Go line by line through the records below. Copy whichever lines contain the string "ezdxf".
── Data for this task ──
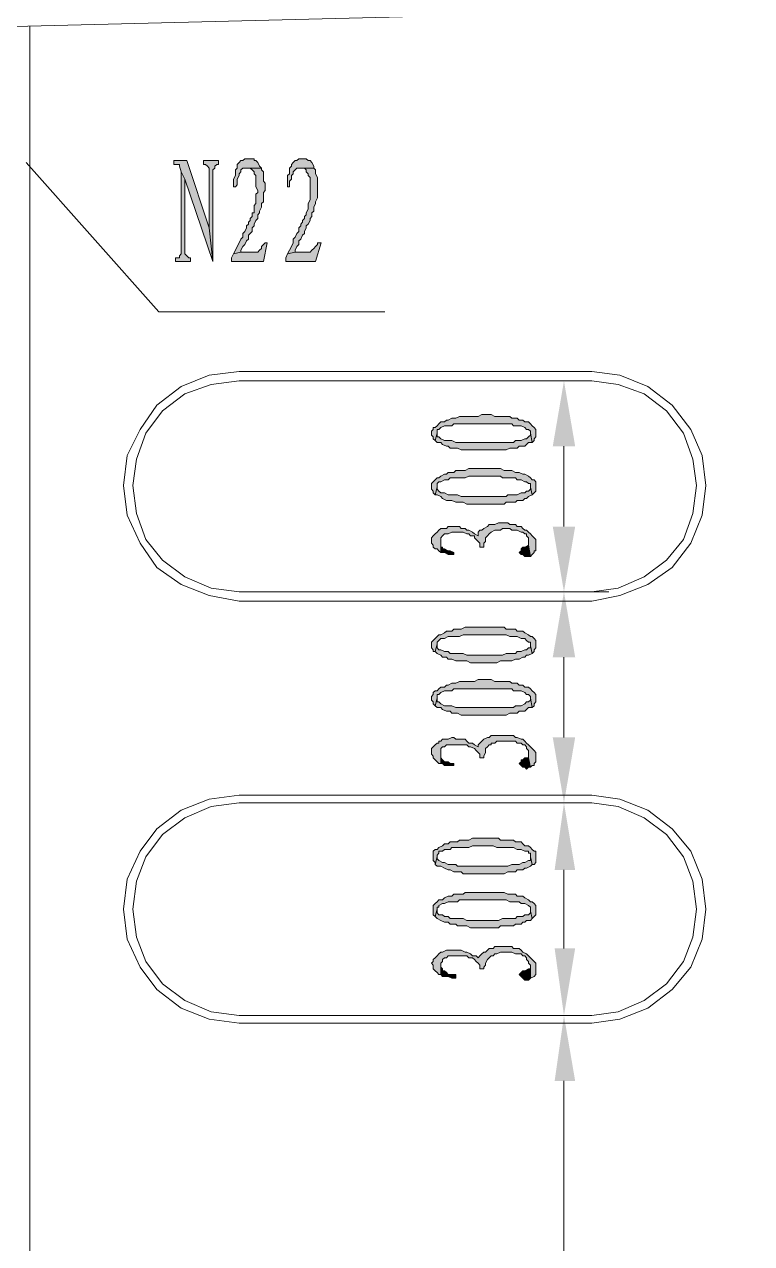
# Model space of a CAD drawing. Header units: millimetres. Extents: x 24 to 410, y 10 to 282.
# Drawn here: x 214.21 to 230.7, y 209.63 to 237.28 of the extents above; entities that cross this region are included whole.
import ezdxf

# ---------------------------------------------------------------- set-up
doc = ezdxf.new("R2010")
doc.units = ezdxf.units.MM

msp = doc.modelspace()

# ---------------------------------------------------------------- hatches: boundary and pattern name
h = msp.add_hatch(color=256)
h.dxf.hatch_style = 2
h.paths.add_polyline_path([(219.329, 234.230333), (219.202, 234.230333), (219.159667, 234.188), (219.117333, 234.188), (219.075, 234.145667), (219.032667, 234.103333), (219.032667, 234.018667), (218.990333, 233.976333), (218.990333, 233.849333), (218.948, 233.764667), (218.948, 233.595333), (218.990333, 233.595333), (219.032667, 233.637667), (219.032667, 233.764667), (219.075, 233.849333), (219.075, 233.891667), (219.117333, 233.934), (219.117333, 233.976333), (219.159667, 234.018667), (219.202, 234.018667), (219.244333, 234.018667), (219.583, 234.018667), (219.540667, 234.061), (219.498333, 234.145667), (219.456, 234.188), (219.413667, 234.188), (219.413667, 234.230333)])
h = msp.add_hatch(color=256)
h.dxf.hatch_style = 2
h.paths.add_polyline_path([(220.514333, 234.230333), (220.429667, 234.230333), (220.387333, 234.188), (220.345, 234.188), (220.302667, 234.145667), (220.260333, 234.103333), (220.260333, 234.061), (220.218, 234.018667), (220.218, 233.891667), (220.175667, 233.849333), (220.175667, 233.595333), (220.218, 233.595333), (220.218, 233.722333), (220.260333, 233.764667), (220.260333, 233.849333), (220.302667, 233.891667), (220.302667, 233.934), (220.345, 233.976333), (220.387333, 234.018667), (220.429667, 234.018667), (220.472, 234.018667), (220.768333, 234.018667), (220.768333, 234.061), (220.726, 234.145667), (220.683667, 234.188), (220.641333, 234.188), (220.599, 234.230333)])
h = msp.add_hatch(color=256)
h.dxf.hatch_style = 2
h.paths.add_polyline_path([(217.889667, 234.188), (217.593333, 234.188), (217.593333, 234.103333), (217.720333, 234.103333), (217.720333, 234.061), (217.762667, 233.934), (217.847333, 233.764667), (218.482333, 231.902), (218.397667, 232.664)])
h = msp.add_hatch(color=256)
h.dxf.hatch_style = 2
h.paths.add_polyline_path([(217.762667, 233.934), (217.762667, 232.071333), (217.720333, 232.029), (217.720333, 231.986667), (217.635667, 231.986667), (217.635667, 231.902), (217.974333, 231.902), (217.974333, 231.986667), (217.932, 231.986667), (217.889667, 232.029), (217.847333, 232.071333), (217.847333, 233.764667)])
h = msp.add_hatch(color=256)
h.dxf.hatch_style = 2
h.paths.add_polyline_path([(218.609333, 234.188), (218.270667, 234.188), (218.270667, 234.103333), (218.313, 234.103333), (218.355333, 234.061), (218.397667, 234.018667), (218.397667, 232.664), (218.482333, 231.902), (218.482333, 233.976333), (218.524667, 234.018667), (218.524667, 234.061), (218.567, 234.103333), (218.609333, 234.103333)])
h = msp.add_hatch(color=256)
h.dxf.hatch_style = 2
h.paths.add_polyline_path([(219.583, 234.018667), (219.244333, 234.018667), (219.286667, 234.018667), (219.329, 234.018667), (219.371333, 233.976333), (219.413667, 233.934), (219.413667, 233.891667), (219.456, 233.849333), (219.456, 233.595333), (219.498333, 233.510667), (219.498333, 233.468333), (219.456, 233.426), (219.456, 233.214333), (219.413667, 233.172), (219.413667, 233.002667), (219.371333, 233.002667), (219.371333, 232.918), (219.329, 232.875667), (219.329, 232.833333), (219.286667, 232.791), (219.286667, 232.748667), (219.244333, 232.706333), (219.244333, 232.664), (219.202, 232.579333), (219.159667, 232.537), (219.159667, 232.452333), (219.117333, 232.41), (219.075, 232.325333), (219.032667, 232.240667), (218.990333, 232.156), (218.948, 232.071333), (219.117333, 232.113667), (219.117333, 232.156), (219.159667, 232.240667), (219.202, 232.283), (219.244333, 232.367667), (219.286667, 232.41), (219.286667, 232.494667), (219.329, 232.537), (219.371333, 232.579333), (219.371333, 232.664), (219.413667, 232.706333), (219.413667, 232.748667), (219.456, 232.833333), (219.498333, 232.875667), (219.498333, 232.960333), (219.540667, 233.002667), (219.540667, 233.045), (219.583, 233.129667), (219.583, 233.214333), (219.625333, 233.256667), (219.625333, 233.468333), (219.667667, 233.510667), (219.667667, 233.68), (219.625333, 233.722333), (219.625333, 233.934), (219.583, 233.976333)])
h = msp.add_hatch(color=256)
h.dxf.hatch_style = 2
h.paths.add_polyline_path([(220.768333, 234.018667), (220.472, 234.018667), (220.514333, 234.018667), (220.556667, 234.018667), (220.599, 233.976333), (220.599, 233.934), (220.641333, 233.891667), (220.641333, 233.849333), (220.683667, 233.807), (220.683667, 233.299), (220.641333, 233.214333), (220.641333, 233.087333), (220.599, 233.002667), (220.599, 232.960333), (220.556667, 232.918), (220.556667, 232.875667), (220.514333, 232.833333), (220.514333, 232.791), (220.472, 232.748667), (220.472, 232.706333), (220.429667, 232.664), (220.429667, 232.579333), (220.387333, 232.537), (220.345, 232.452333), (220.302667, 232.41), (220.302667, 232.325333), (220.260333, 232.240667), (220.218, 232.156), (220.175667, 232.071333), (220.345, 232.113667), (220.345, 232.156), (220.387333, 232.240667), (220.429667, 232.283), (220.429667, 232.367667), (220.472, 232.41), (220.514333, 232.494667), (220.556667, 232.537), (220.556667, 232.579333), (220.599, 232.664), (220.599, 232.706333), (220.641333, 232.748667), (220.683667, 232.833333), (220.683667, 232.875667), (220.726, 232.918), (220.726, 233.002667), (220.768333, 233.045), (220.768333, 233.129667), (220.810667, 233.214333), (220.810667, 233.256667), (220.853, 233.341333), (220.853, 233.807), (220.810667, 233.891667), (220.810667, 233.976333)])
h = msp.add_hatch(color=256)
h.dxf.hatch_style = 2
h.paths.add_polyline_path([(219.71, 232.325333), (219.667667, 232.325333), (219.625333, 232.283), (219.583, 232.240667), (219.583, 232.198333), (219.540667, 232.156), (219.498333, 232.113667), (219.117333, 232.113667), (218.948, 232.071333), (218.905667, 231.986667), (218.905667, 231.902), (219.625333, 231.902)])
───
- _Response area_:
import ezdxf
doc = ezdxf.new("R2010")
doc.units = ezdxf.units.MM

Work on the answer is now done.